Thursday, February 16, 2012

Standardized Clinical Processes

“Curmudge, we’ve talked about standard work and its antithesis, autonomy, in July 2008 and in January 2011. Why are we doing it again? Do you suspect that people have forgotten these concepts?”

“It’s possible, Julie. That’s why we discussed nemawashi a week ago. Today’s discussion will be revised and focused on clinical processes.”

Clinical processes! Won’t we be trespassing on physician territory? Docs can be fierce defenders of their autonomy, and they sometimes refer to checklists and standard work as ‘cookbook medicine.’ Might they be upset when they read this blog?”

“Don’t worry. Docs seldom read anything written by a person without an M. D. after his name. And if they read this, they will note that we are quoting Brent James MD.”

“As we have discussed earlier, Curmudge, a physician will be reluctant to follow a procedure written by someone else and plopped on his desk. Doc Mack has told me what he would think of something created by some ‘nurse in an office,’ and in the Army she might be a lieutenant colonel.”

“Dr. James described a team’s study of a specific treatment that they designed based on the literature. ‘Physicians were instructed to vary from the protocol if they judged it to be in the best interest of a patient. Each time this happened, the case would be discussed among the group. Over time the protocol was modified when there was a scientific basis for doing so, and over time variation from the protocol diminished.’ “

“That sounds like developing standard work the hard way, but it’s the best way to gain the support of clinicians.”

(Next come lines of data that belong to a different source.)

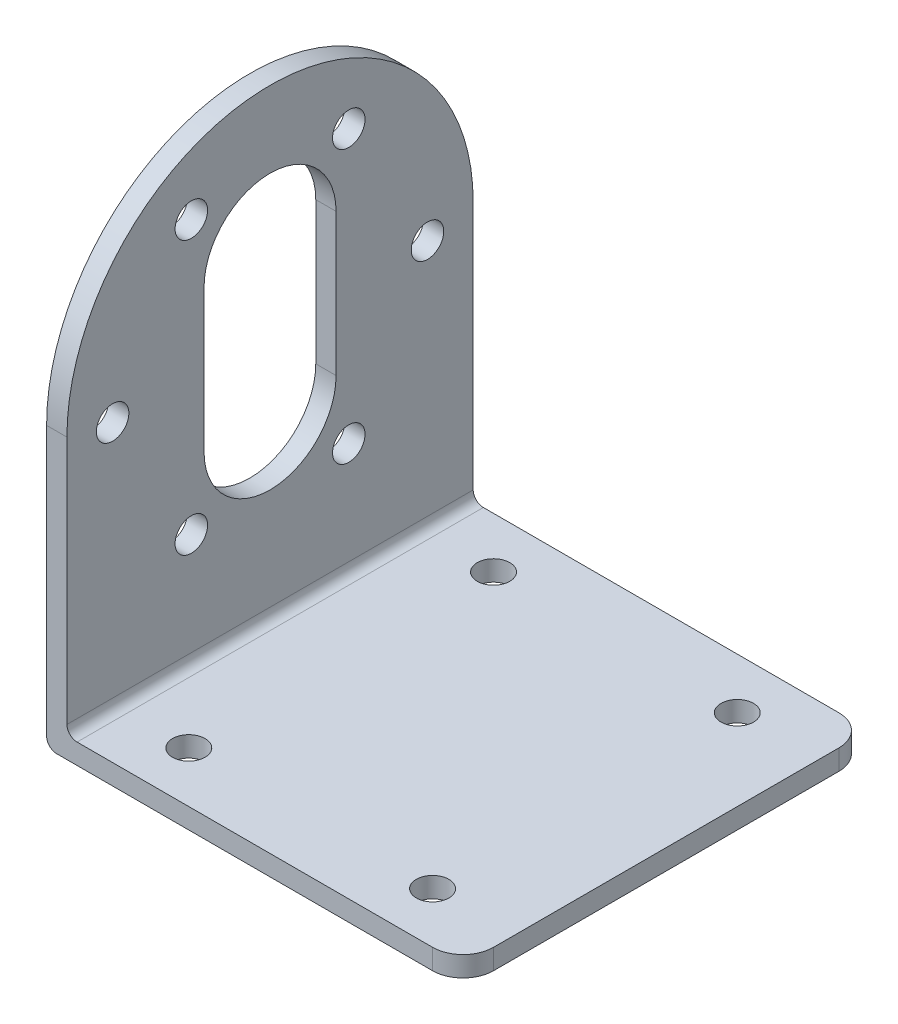
SolidWorks part; units mm, degrees
ref_plane "前视基准面" through (0, 0, 0) normal (0, 0, 1) x (1, 0, 0)
ref_plane "上视基准面" through (0, 0, 0) normal (0, 1, 0) x (1, 0, 0)
ref_plane "右视基准面" through (0, 0, 0) normal (1, 0, 0) x (0, 0, -1)
other "Configuration Table"
sketch "草图1" plane through (0, 0, 0) normal (0, 0, 1) x (1, 0, 0)
  line L0 (0, 0) -> (0, 47.5)
  line L1 (0, 47.5) -> (2, 47.5)
  line L2 (2, 47.5) -> (2, 2)
  line L3 (2, 2) -> (41, 2)
  line L4 (41, 2) -> (41, 0)
  line L5 (41, 0) -> (0, 0)
  dimension "D1" = 2
  dimension "D2" = 47.5
  dimension "D3" = 2
  dimension "D4" = 41
extrude "凸台-拉伸1" add sketch "草图1" along normal blind 40
fillet "圆角1" radius 1 2 edges at (0, 0, 20) (2, 2, 20)
sketch "草图3" plane through (0, 0, 0) normal (0, -1, 0) x (1, 0, 0)
  line L0 (1, 20) -> (41, 20) construction
  line L1 (1, 40) -> (1, 0) construction
  line L2 (41, 40) -> (41, 0) construction
  line L3 (33, 5) -> (33, 35) construction
  line L4 (9, 5) -> (9, 35) construction
  circle A4 centre (33, 35) radius 1.6
  circle A5 centre (33, 5) radius 1.6
  circle A6 centre (9, 35) radius 1.6
  circle A7 centre (9, 5) radius 1.6
  point P5 (9, 20)
  point P17 (33, 20)
  dimension "D3" = 3.2
  dimension "D4" = 3.2
  dimension "D7" = 3.2
  dimension "D8" = 3.2
  dimension "D1" = 30
  dimension "D2" = 8
  dimension "D5" = 30
  dimension "D6" = 24
extrude "切除-拉伸1" cut sketch "草图3" against normal blind 40
fillet "圆角2" radius 3 2 edges at (41, 1, 0) (41, 1, 40)
fillet "圆角3" 2 edges at (1, 47.5, 40) (1, 47.5, 0) type full round first side face at (10.4482, 12.8232, 40) second side face at (10.4482, 12.8232, 0) middle face at (1, 47.5, 20)
sketch "草图4" plane through (0, 0, 0) normal (-1, 0, 0) x (0, 0, 1)
  line L0 (20, 47.5) -> (20, 1) construction
  line L1 (0, 1) -> (40, 1) construction
  line L2 (40, 0) -> (0, 0) construction
  line L3 (20, 19.5) -> (20, 33.5) construction
  line L4 (13.5, 19.5) -> (13.5, 33.5)
  line L5 (26.5, 19.5) -> (26.5, 33.5)
  arc A0 (40, 27.5) -> (0, 27.5) centre (20, 27.5) ccw construction
  circle A1 centre (20, 26.5) radius 15.5
  circle A2 centre (35.5, 26.5) radius 1.6
  circle A3 centre (27.75, 13.0766) radius 1.6
  circle A4 centre (12.25, 13.0766) radius 1.6
  circle A5 centre (4.5, 26.5) radius 1.6
  circle A6 centre (12.25, 39.9234) radius 1.6
  circle A7 centre (27.75, 39.9234) radius 1.6
  arc A8 (13.5, 19.5) -> (26.5, 19.5) centre (20, 19.5) ccw
  arc A9 (26.5, 33.5) -> (13.5, 33.5) centre (20, 33.5) ccw
  point P7 (20, 26.5)
  point P26 (20, 26.5)
  point P27 (20, 26.5)
  dimension "D2" = 31
  dimension "D3" = 3.2
  dimension "D7" = 6.5
  dimension "D1" = 26.5
  dimension "D5" = 19.5
  dimension "D6" = 14
  dimension "D4" = 6
extrude "切除-拉伸2" cut sketch "草图4" against normal blind 40 contours L5 A9 L4 A8 | A1 A2 | A1 A2 | A7 | A6 | A5 | A4 | A3 region at (0, 26.5, 20) region at (0, 26.5, 34.8063) region at (0, 26.5, 36.164)

“Here, Julie, are the five steps comprising James’s process:

1. ‘Select a high priority clinical process;

2. Create evidence-based best practice guidelines;

3. Build the guidelines into the flow of clinical work;

4. Use the guidelines as a shared baseline, with doctors free to vary them based on individual patient needs;

5. Meanwhile, learn from and (over time) eliminate variation arising from professionals, while retain variation arising from patients.’ “

“Step 5 is the main process goal to be attained from evidence-based medicine, ‘Eliminate variation arising from the professionals while retaining variation arising from the patients.’ Should I go out and shout that from the top of the parking ramp?”

“Only if the weather is good, Julie. Note that James also says, ‘This is very different from the free form of patient care that exists generally in medicine.’ The title of James’s presentation, ‘Don’t Wait for Washington,’ suggests that if clinicians don’t make their processes more efficient, ‘Washington’ may do it for them.”

“That’s a bit intimidating, Curmudge. Now let’s run up the steps to the top of the parking ramp.”